Drought-Community status reports

February 20, 2002

Drought-Community status reports

Following is a glance at the effects of the drought on municipalities in the Tri-State area.


Washington County


The city reports the water supply, which is fed by the Potomac River, is low, but not at a critical level.

Mount Aetna

The spring and well that supply public water to the Mount Aetna area are at low levels. Water use restrictions that are in effect prohibit washing cars, sidewalks or houses and require residents to fix leaks and take quick showers.


The town reports no problems with its water supply, which comes from two wells.

Boonsboro, Keedysville

There has been no significant drop in the water supply for the towns, which comes from two wells and from Keedysville and Warrenteltz springs.


Clear Spring

The town is served by three wells that empty into a reservoir, where the water level is reported stable. The historic spring from which the town derives its name has gone dry. It did not supply water to the town.
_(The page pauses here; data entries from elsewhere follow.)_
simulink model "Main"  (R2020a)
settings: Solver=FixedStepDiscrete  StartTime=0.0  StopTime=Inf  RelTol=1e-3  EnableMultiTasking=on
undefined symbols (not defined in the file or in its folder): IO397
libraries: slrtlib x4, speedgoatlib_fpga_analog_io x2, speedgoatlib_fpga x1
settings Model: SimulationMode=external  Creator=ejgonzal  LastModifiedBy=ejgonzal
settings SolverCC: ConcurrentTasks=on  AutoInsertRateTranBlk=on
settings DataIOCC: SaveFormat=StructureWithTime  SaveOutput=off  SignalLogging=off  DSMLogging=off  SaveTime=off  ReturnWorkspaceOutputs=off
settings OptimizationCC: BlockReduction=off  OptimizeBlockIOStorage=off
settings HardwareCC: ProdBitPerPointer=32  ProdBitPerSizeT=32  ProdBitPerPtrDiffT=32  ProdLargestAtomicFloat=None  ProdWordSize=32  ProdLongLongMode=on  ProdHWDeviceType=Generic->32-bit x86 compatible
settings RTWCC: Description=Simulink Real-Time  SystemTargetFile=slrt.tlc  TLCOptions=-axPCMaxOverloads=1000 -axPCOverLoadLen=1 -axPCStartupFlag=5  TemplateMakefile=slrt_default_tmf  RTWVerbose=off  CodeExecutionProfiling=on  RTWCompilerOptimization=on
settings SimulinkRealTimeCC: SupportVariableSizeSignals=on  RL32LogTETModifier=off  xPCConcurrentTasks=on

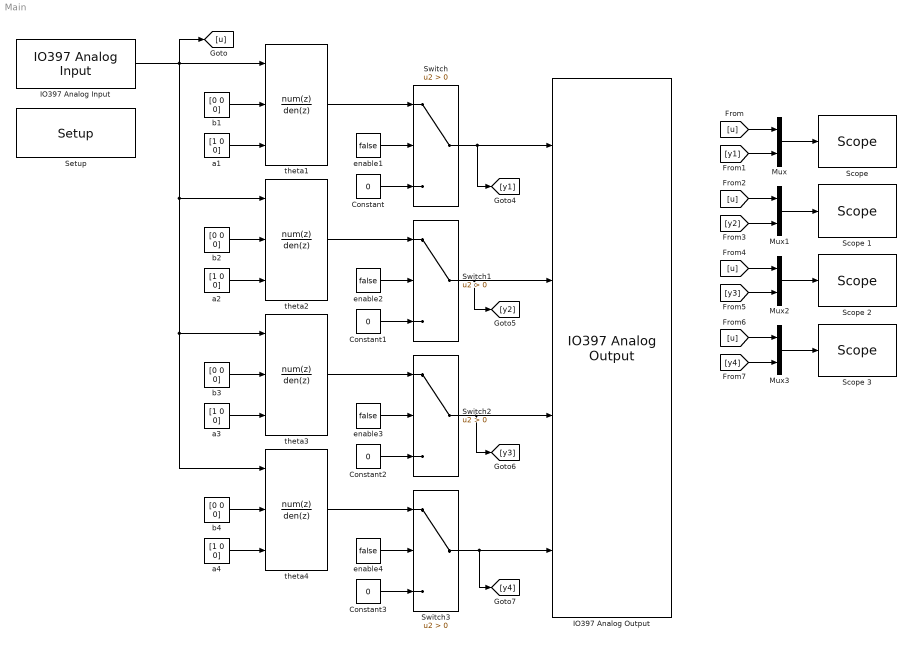
== system Main ==
  Constant{,1..3} (4 alike) : Constant  Value=0  SampleTime=-1
  IO397 Analog Input : speedgoatlib_fpga_analog_io/IO397 Analog Input  id=1  chan=1  range=+-10 V  trigger=Initiator  ts=1/16e3  pciSlot=-1  board=IO397-50k
      settings: SourceProductName=Simulink Real-Time: Speedgoat I/O Blockset
  IO397 Analog Output : speedgoatlib_fpga_analog_io/IO397 Analog Output  id=1  chan=1:4  initVal=0  resetVal=0  ts=-1  pciSlot=-1  board=IO397-50k  span=+-10 V
      settings: SourceProductName=Simulink Real-Time: Speedgoat I/O Blockset
  Mux{,1..3} (4 alike) : Mux  Inputs=2
  "Scope " : slrtlib/Displays and Logging/Scope   scopeno=1  scopetype=Target  autostart=on  viewmode=Graphical redraw  formatstr='%15.6f'  grid=on  ylimits=[-2, 2]  nosamples=250  noprepostsamples=0  interleave=1  triggermode=FreeRun  triggersignal=1  trigsignalfromport=off  triggerlevel=0.0  triggerslope=Either  triggerscope=1  triggersample=0  filename=data.dat  mode=Lazy  writesize=512  autorestart=off  dynamicfilemode=off  maxwritefilesize=512*1024^2
  Scope 1 : slrtlib/Displays and Logging/Scope   scopeno=2  scopetype=Target  autostart=on  viewmode=Graphical redraw  formatstr='%15.6f'  grid=on  ylimits=[-2, 2]  nosamples=250  noprepostsamples=0  interleave=1  triggermode=FreeRun  triggersignal=1  trigsignalfromport=off  triggerlevel=0.0  triggerslope=Either  triggerscope=1  triggersample=0  filename=data.dat  mode=Lazy  writesize=512  autorestart=off  dynamicfilemode=off  maxwritefilesize=512*1024^2
  Scope 2 : slrtlib/Displays and Logging/Scope   scopeno=3  scopetype=Target  autostart=on  viewmode=Graphical redraw  formatstr='%15.6f'  grid=on  ylimits=[-2, 2]  nosamples=250  noprepostsamples=0  interleave=1  triggermode=FreeRun  triggersignal=1  trigsignalfromport=off  triggerlevel=0.0  triggerslope=Either  triggerscope=1  triggersample=0  filename=data.dat  mode=Lazy  writesize=512  autorestart=off  dynamicfilemode=off  maxwritefilesize=512*1024^2
  Scope 3 : slrtlib/Displays and Logging/Scope   scopeno=4  scopetype=Target  autostart=on  viewmode=Graphical redraw  formatstr='%15.6f'  grid=on  ylimits=[-2, 2]  nosamples=250  noprepostsamples=0  interleave=1  triggermode=FreeRun  triggersignal=1  trigsignalfromport=off  triggerlevel=0.0  triggerslope=Either  triggerscope=1  triggersample=0  filename=data.dat  mode=Lazy  writesize=512  autorestart=off  dynamicfilemode=off  maxwritefilesize=512*1024^2
  Setup : speedgoatlib_fpga/Setup/Setup  board=IO397-50k  id=1  device_id=1  frontIO=None  rearIO=None  bitstreamFile=speedgoat_IO397_50k_all_io.mat  rev=1.0  timestamp_string=21/11/18 14:52:53  fpgaFreq=75 MHz  fpgaTick=13.33 ns  ProgSpiFlash=off  ProgBPIFlash=off  pciSlot=-1  PullRPort0=pull-up 3.3V  VioPort0=3.3V  PullRPort1=pull-up 3.3V  VioPort1=3.3V  PullRPort2=pull-up 3.3V  VioPort2=3.3V  PullRPort3=pull-up 3.3V  VioPort3=3.3V  PullRPort4=pull-up 3.3V  VioPort4=3.3V  PullRPort5=pull-up 3.3V  VioPort5=3.3V  PullRPort6=pull-up 3.3V  VioPort6=3.3V  PullRPort15=pull-up 3.3V  PullRPort31=pull-up 3.3V  PullRPort47=pull-up 3.3V  PullRPort63=pull-up 3.3V
      settings: SourceProductName=Simulink Real-Time: Speedgoat I/O Blockset
  Switch{,1..3} (4 alike) : Switch  Criteria=u2 > Threshold
  a{1..4} (4 alike) : Constant  Value=[1 0 0]  SampleTime=-1
  b{1..4} (4 alike) : Constant  Value=[0 0 0]  SampleTime=-1
  enable{1..4} (4 alike) : Constant  Value=false  SampleTime=-1
  theta{1..4} (4 alike) : DiscreteFilter  NumeratorSource=Input port  Numerator=[0 0 0]  DenominatorSource=Input port  Denominator=[1, 0 0]  a0EqualsOne=on
      settings: InputPortMap=u0,p1,p3
  wires:
  Constant/1 -> Switch/3
  enable1/1 -> Switch/2
  b1/1 -> theta1/2
  a1/1 -> theta1/3
  b2/1 -> theta2/2
  a2/1 -> theta2/3
  a3/1 -> theta3/3
  b3/1 -> theta3/2
  b4/1 -> theta4/2
  a4/1 -> theta4/3
  theta1/1 -> Switch/1
  enable2/1 -> Switch1/2
  Constant1/1 -> Switch1/3
  theta2/1 -> Switch1/1
  enable3/1 -> Switch2/2
  Constant2/1 -> Switch2/3
  theta3/1 -> Switch2/1
  enable4/1 -> Switch3/2
  Constant3/1 -> Switch3/3
  theta4/1 -> Switch3/1
  Switch/1 -> IO397 Analog Output/1, [y1]
  Switch1/1 -> [y2], IO397 Analog Output/2
  Switch2/1 -> [y3], IO397 Analog Output/3
  Switch3/1 -> [y4], IO397 Analog Output/4
  IO397 Analog Input/1 -> theta1/1, [u], theta4/1, theta3/1, theta2/1
  Mux/1 -> "Scope "/1
  [y1] -> Mux/2
  [u] -> Mux/1
  Mux1/1 -> Scope 1/1
  [y2] -> Mux1/2
  [u] -> Mux1/1
  [u] -> Mux2/1
  [y3] -> Mux2/2
  Mux2/1 -> Scope 2/1
  Mux3/1 -> Scope 3/1
  [y4] -> Mux3/2
  [u] -> Mux3/1

Williamsport, Funkstown, Smithsburg

All three towns get their water from Hagerstown. No problems with the water supply were reported.


Water is supplied by Washington County. No problems were reported.

Frederick County


The city of Frederick is under a drought warning mandated by the Maryland Department of Environment. Water restrictions are voluntary for the city's 57,000 water users. A drought warning is issued when stream flows and ground water levels fall below a designated level and reservoirs contain between 60 and 90 days of storage.

The Monocacy River, Linganore Creek and a mountain source feeding into a 7,000-acre watershed are the water sources for the city. Director of Public Works Fred Eisenhart said the river is running at 25 percent of its normal flow, and the mountain source is feeding into the reservoir at about one-third of its normal rate.

Linganore Lake is full, but the level of water flowing into the spillway is greatly reduced, causing a noticeable difference in the creek flow, he said.


Franklin and Fulton Counties are under a drought emergency. Nonessential use of water is prohibited.

Franklin County


The reservoir serving Waynesboro is down 13 feet 11 inches. The reservoir is fed by East Branch of Antietam Creek. The reservoir, which holds 150 million gallons, is at 40 percent capacity. Antietam Creek is running at one-third its normal capacity, said John Verrico, spokesperson for the Maryland Department of Environment.


The 13 million-gallon reservoir is a foot below normal. The borough pumps directly from two springs to a water treatment plant for direct use, while water from three springs and two wells goes directly into the reservoir. During normal precipitation levels the reservoir is overflowing and the wells are not used, said Ken Myers, area water authority manager. The reservoir is used as a back-up water supply. The springs and wells are producing at less than half their normal capacity.


The reservoir is 16 feet below the spillway, or at about 60 percent capacity.


The reservoir is fed by Mountain and Buck Run wells. Borough Manager Thelma Ambrose said they are flowing at a sufficient rate, but residents are asked to conserve water.

Mont Alto

The reservoir is in an overflow state. They have cut back the amount of water pumped from the well by about 50 million gallons per minute due to the sediment found in the water. The cut back is not due to precipitation levels.


Berkeley County


The town receives its water from springs and a quarry. Martinsburg Mayor George Karos said the water supply is low but there are no restrictions on water use, although residents are being asked to conserve.

Morgan County

Berkeley Springs

The Lord Fairfax Springs that supply Berkeley Springs with water are producing a sufficient amount to meet the needs of the approximately 4,000 users, Director of Public Utilities Thomas Hall said.

Jefferson County

Harpers Ferry, Bolivar

The water source for Harpers Ferry and Bolivar is Elk Creek, which Harpers Ferry Mayor Jim Addy said is running fairly well but is somewhat low. He said if the precipitation level remains the same, water restrictions will be implemented by summer


The town uses the Potomac River as its water source, and supplies the surrounding area within a two-mile radius. Water Department Superintendent Bill Myers said the river is the lowest it has been in a while, but at this time he doesn't foresee the need for restrictions. Maryland has jurisdiction over the river, so if the state implements water restrictions, Shepherdstown must abide by them.

Charles Town, Ranson

Those towns and the surrounding area receive their water from the Shenandoah River. Charles Town City Manager Jane Arnett said there has been no drop in the water levels, and the drought has had no impact on the water supply.